--- Work instruction ---
Pull each line with the string "True" from the entries.

#### Input material

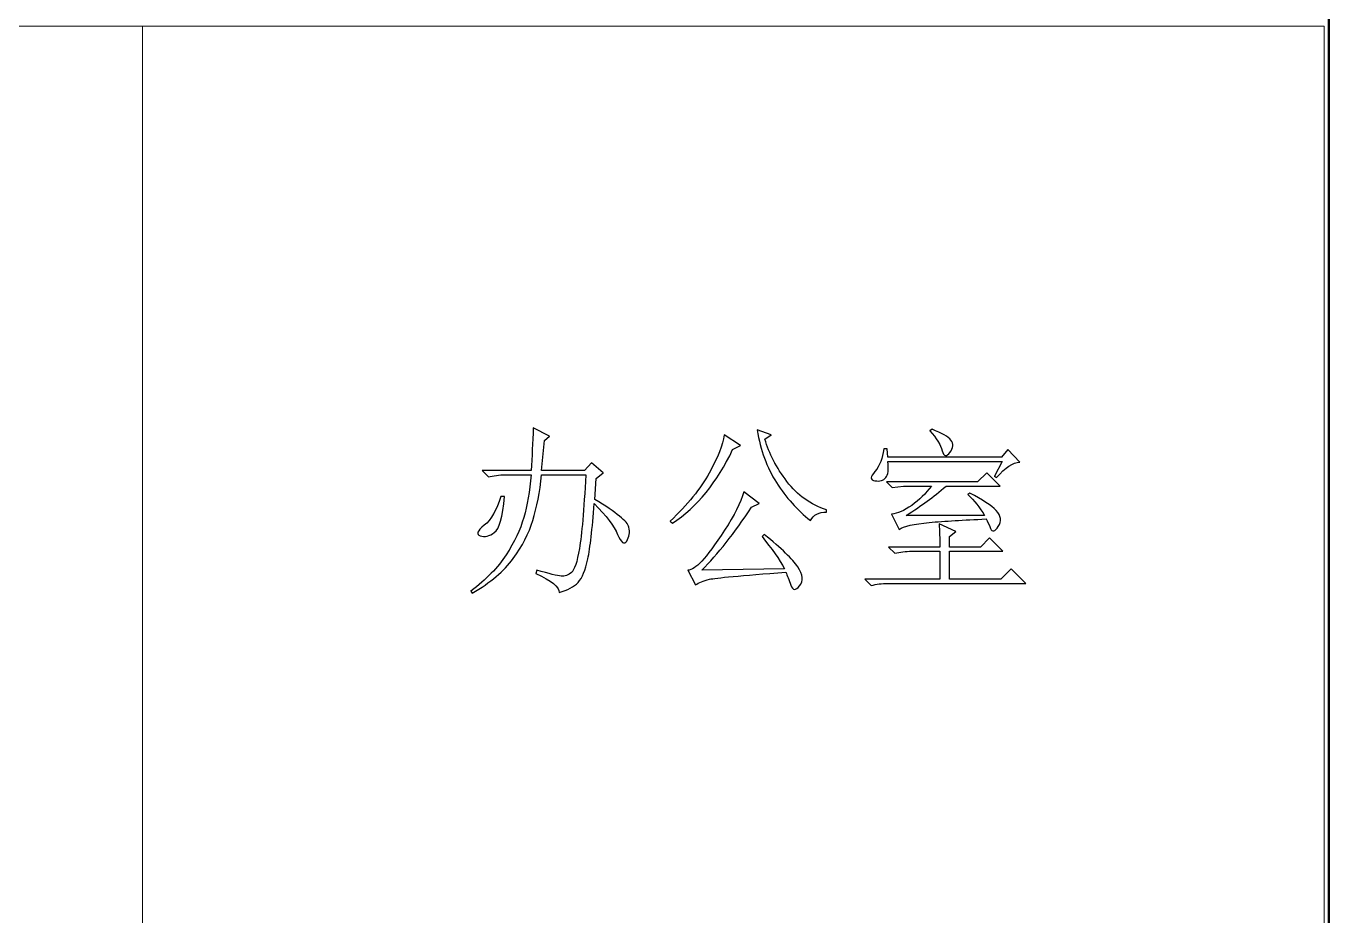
# Model space of a CAD drawing. Header units: millimetres. Extents: x -1478 to 887, y -2742 to 2769.
# Drawn here: x 271 to 887, y 1326 to 1747 of the extents above; entities that cross this region are included whole.
import ezdxf

# ---------------------------------------------------------------- set-up
doc = ezdxf.new("R2010")
doc.units = ezdxf.units.MM
doc.header["$MEASUREMENT"] = 0
doc.layers.add('layer 1', color=7, linetype='Continuous')

msp = doc.modelspace()

# ---------------------------------------------------------------- linework, layer by layer
at = {"layer": 'layer 1', "color": 254, "lineweight": 50}
msp.add_lwpolyline([(-1477.9262, -2741.7131), (886.7568, -2741.7131), (886.7568, 2769.2023), (-1477.9262, 2769.2023), (-1477.9262, -2741.7131)], close=True, dxfattribs=at)
at = {"layer": 'layer 1', "color": 241, "lineweight": 20}
msp.add_lwpolyline([(-696.3776, 905.5119), (325.6468, 905.5119), (325.6468, 1747.1785), (-696.3776, 1747.1785), (-696.3776, 905.5119)], close=True, dxfattribs=at)
at = {"layer": 'layer 1', "color": 250, "lineweight": 20}
msp.add_lwpolyline([(325.6461, 905.5119), (884.4661, 905.5119), (884.4661, 1747.1785), (325.6461, 1747.1785), (325.6461, 905.5119)], close=True, dxfattribs=at)
at = {"layer": 'layer 1', "color": 250}
for points, knots in [([(540.2979, 1533.2783), (540.2979, 1533.2783), (539.6334, 1523.3389), (539.6334, 1523.3389), (539.6334, 1523.3389), (549.799, 1517.1604), (555.1575, 1512.7916), (555.7089, 1510.2466), (555.7089, 1510.2466), (556.2603, 1507.7158), (555.921, 1505.5102), (554.7051, 1503.6298), (554.7051, 1503.6298), (553.4892, 1501.7494), (552.0612, 1502.7956), (550.407, 1506.7685), (550.407, 1506.7685), (548.7528, 1510.7556), (545.0485, 1515.6051), (539.3082, 1521.3595), (539.3082, 1521.3595), (538.4175, 1509.2004), (537.4278, 1500.4769), (536.325, 1495.175), (536.325, 1495.175), (535.2222, 1489.873), (533.667, 1486.1687), (531.6876, 1484.0762), (531.6876, 1484.0762), (529.694, 1481.9696), (526.7108, 1480.3719), (522.7379, 1479.2691), (522.7379, 1479.2691), (522.7379, 1481.9272), (519.0902, 1484.9104), (511.7947, 1488.2188), (511.7947, 1488.2188), (511.7947, 1488.2188), (512.134, 1489.873), (512.134, 1489.873), (512.134, 1489.873), (518.1005, 1488.1057), (521.9603, 1487.1726), (523.7276, 1487.0595), (523.7276, 1487.0595), (525.4949, 1486.9463), (527.0926, 1487.4977), (528.5347, 1488.7137), (528.5347, 1488.7137), (529.9627, 1489.9296), (531.2351, 1493.747), (532.338, 1500.1517), (532.338, 1500.1517), (533.4549, 1506.5565), (534.4446, 1518.1501), (535.3212, 1534.9466), (535.3212, 1534.9466), (535.3212, 1534.9466), (514.4527, 1534.9466), (514.4527, 1534.9466), (514.4527, 1534.9466), (513.562, 1526.7604), (512.1906, 1519.5922), (510.3101, 1513.3995), (510.3101, 1513.3995), (508.4297, 1507.221), (505.3334, 1501.198), (501.0353, 1495.3446), (501.0353, 1495.3446), (496.723, 1489.4913), (490.2617, 1484.0197), (481.6372, 1478.9439), (481.6372, 1478.9439), (481.6372, 1478.9439), (480.9869, 1479.9336), (480.9869, 1479.9336), (480.9869, 1479.9336), (488.2682, 1485.4618), (493.8529, 1491.202), (497.7127, 1497.1685), (497.7127, 1497.1685), (501.5867, 1503.1349), (504.3437, 1508.9883), (505.9979, 1514.7285), (505.9979, 1514.7285), (507.6521, 1520.4688), (508.8115, 1527.2128), (509.476, 1534.9466), (509.476, 1534.9466), (509.476, 1534.9466), (497.2179, 1534.9466), (497.2179, 1534.9466), (497.2179, 1534.9466), (494.3478, 1534.9466), (491.6897, 1534.6073), (489.272, 1533.9428), (489.272, 1533.9428), (489.272, 1533.9428), (486.2888, 1536.926), (486.2888, 1536.926), (486.2888, 1536.926), (486.2888, 1536.926), (509.476, 1536.926), (509.476, 1536.926), (509.476, 1536.926), (509.9143, 1543.557), (510.2536, 1550.301), (510.4798, 1557.1441), (510.4798, 1557.1441), (510.4798, 1557.1441), (518.1005, 1553.1712), (518.1005, 1553.1712), (518.1005, 1553.1712), (518.1005, 1553.1712), (515.7817, 1551.1776), (515.7817, 1551.1776), (515.7817, 1551.1776), (515.7817, 1551.1776), (514.4527, 1536.926), (514.4527, 1536.926), (514.4527, 1536.926), (514.4527, 1536.926), (534.6567, 1536.926), (534.6567, 1536.926), (534.6567, 1536.926), (534.6567, 1536.926), (537.9792, 1540.5737), (537.9792, 1540.5737), (537.9792, 1540.5737), (537.9792, 1540.5737), (543.6063, 1535.9363), (543.6063, 1535.9363), (543.6063, 1535.9363), (543.6063, 1535.9363), (540.2979, 1533.2783), (540.2979, 1533.2783)], [0, 0, 0, 0, 0.02941176, 0.02941176, 0.02941176, 0.02941176, 0.05882353, 0.05882353, 0.05882353, 0.05882353, 0.08823529, 0.08823529, 0.08823529, 0.08823529, 0.11764706, 0.11764706, 0.11764706, 0.11764706, 0.14705882, 0.14705882, 0.14705882, 0.14705882, 0.17647059, 0.17647059, 0.17647059, 0.17647059, 0.20588235, 0.20588235, 0.20588235, 0.20588235, 0.23529412, 0.23529412, 0.23529412, 0.23529412, 0.26470588, 0.26470588, 0.26470588, 0.26470588, 0.29411765, 0.29411765, 0.29411765, 0.29411765, 0.32352941, 0.32352941, 0.32352941, 0.32352941, 0.35294118, 0.35294118, 0.35294118, 0.35294118, 0.38235294, 0.38235294, 0.38235294, 0.38235294, 0.41176471, 0.41176471, 0.41176471, 0.41176471, 0.44117647, 0.44117647, 0.44117647, 0.44117647, 0.47058824, 0.47058824, 0.47058824, 0.47058824, 0.5, 0.5, 0.5, 0.5, 0.52941176, 0.52941176, 0.52941176, 0.52941176, 0.55882353, 0.55882353, 0.55882353, 0.55882353, 0.58823529, 0.58823529, 0.58823529, 0.58823529, 0.61764706, 0.61764706, 0.61764706, 0.61764706, 0.64705882, 0.64705882, 0.64705882, 0.64705882, 0.67647059, 0.67647059, 0.67647059, 0.67647059, 0.70588235, 0.70588235, 0.70588235, 0.70588235, 0.73529412, 0.73529412, 0.73529412, 0.73529412, 0.76470588, 0.76470588, 0.76470588, 0.76470588, 0.79411765, 0.79411765, 0.79411765, 0.79411765, 0.82352941, 0.82352941, 0.82352941, 0.82352941, 0.85294118, 0.85294118, 0.85294118, 0.85294118, 0.88235294, 0.88235294, 0.88235294, 0.88235294, 0.91176471, 0.91176471, 0.91176471, 0.91176471, 0.94117647, 0.94117647, 0.94117647, 0.94117647, 0.97058824, 0.97058824, 0.97058824, 0.97058824, 1, 1, 1, 1]), ([(600.8108, 1553.8357), (600.8108, 1553.8357), (608.4314, 1548.8589), (608.4314, 1548.8589), (608.4314, 1548.8589), (608.4314, 1548.8589), (604.7837, 1546.8654), (604.7837, 1546.8654), (604.7837, 1546.8654), (597.4882, 1531.412), (587.9871, 1519.8043), (576.2805, 1512.0705), (576.2805, 1512.0705), (576.2805, 1512.0705), (575.2908, 1513.0743), (575.2908, 1513.0743), (575.2908, 1513.0743), (583.4628, 1520.8081), (589.5989, 1528.3722), (593.685, 1535.7666), (593.685, 1535.7666), (597.771, 1543.1752), (600.1463, 1549.1841), (600.8108, 1553.8357)], [0, 0, 0, 0, 0.16666667, 0.16666667, 0.16666667, 0.16666667, 0.33333333, 0.33333333, 0.33333333, 0.33333333, 0.5, 0.5, 0.5, 0.5, 0.66666667, 0.66666667, 0.66666667, 0.66666667, 0.83333333, 0.83333333, 0.83333333, 0.83333333, 1, 1, 1, 1]), ([(623.0082, 1553.8357), (623.0082, 1553.8357), (620.025, 1551.8421), (620.025, 1551.8421), (620.025, 1551.8421), (622.0186, 1544.9991), (625.4966, 1538.3116), (630.4592, 1531.7937), (630.4592, 1531.7937), (635.436, 1525.2759), (641.6711, 1520.8081), (649.1786, 1518.3763), (649.1786, 1518.3763), (649.1786, 1518.3763), (649.1786, 1517.3724), (649.1786, 1517.3724), (649.1786, 1517.3724), (645.644, 1517.3724), (643.1132, 1516.0576), (641.558, 1513.3995), (641.558, 1513.3995), (635.3795, 1518.2632), (630.021, 1524.2296), (625.4966, 1531.2989), (625.4966, 1531.2989), (620.9582, 1538.3681), (617.9325, 1546.6533), (616.3773, 1556.1544), (616.3773, 1556.1544), (616.3773, 1556.1544), (623.0082, 1553.8357), (623.0082, 1553.8357)], [0, 0, 0, 0, 0.125, 0.125, 0.125, 0.125, 0.25, 0.25, 0.25, 0.25, 0.375, 0.375, 0.375, 0.375, 0.5, 0.5, 0.5, 0.5, 0.625, 0.625, 0.625, 0.625, 0.75, 0.75, 0.75, 0.75, 0.875, 0.875, 0.875, 0.875, 1, 1, 1, 1]), ([(698.0979, 1555.8151), (698.0979, 1555.8151), (699.0876, 1556.4796), (699.0876, 1556.4796), (699.0876, 1556.4796), (703.725, 1554.7123), (706.7083, 1553.0015), (708.0373, 1551.3473), (708.0373, 1551.3473), (709.3663, 1549.6931), (709.1966, 1547.7561), (707.5424, 1545.5505), (707.5424, 1545.5505), (705.8882, 1543.3307), (704.6723, 1543.6135), (703.8947, 1546.3705), (703.8947, 1546.3705), (703.1171, 1549.1275), (701.1942, 1552.2804), (698.0979, 1555.8151)], [0, 0, 0, 0, 0.2, 0.2, 0.2, 0.2, 0.4, 0.4, 0.4, 0.4, 0.6, 0.6, 0.6, 0.6, 0.8, 0.8, 0.8, 0.8, 1, 1, 1, 1]), ([(728.5805, 1534.2821), (728.5805, 1534.2821), (732.2283, 1541.2382), (732.2283, 1541.2382), (732.2283, 1541.2382), (732.2283, 1541.2382), (678.2191, 1541.2382), (678.2191, 1541.2382), (678.2191, 1541.2382), (678.6574, 1537.4774), (678.3181, 1534.9466), (677.2153, 1533.6176), (677.2153, 1533.6176), (676.1125, 1532.2886), (674.4017, 1531.7937), (672.083, 1532.1189), (672.083, 1532.1189), (669.7643, 1532.4582), (669.7643, 1533.9428), (672.083, 1536.6008), (672.083, 1536.6008), (674.4017, 1539.2447), (675.7873, 1542.7793), (676.2256, 1547.2047), (676.2256, 1547.2047), (676.2256, 1547.2047), (677.8798, 1547.2047), (677.8798, 1547.2047), (677.8798, 1547.2047), (677.8798, 1547.2047), (678.2191, 1543.2318), (678.2191, 1543.2318), (678.2191, 1543.2318), (678.2191, 1543.2318), (731.889, 1543.2318), (731.889, 1543.2318), (731.889, 1543.2318), (731.889, 1543.2318), (734.8722, 1546.8654), (734.8722, 1546.8654), (734.8722, 1546.8654), (734.8722, 1546.8654), (740.5135, 1540.8989), (740.5135, 1540.8989), (740.5135, 1540.8989), (737.4171, 1540.8989), (733.7694, 1538.4812), (729.5702, 1533.6176), (729.5702, 1533.6176), (729.5702, 1533.6176), (728.5805, 1534.2821), (728.5805, 1534.2821)], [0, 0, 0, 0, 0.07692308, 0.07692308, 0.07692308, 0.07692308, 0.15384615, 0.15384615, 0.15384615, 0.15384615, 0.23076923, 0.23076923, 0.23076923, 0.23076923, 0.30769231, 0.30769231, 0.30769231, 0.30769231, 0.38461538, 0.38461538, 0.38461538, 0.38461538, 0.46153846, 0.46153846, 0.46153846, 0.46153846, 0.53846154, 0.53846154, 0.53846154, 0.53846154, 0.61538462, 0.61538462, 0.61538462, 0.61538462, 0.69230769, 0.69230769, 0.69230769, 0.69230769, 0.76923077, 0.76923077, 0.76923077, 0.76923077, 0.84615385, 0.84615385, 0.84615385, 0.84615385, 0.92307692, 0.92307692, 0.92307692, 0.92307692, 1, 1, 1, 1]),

########

--- Exercise output ---
msp.add_lwpolyline([(-1477.9262, -2741.7131), (886.7568, -2741.7131), (886.7568, 2769.2023), (-1477.9262, 2769.2023), (-1477.9262, -2741.7131)], close=True, dxfattribs=at)
msp.add_lwpolyline([(-696.3776, 905.5119), (325.6468, 905.5119), (325.6468, 1747.1785), (-696.3776, 1747.1785), (-696.3776, 905.5119)], close=True, dxfattribs=at)
msp.add_lwpolyline([(325.6461, 905.5119), (884.4661, 905.5119), (884.4661, 1747.1785), (325.6461, 1747.1785), (325.6461, 905.5119)], close=True, dxfattribs=at)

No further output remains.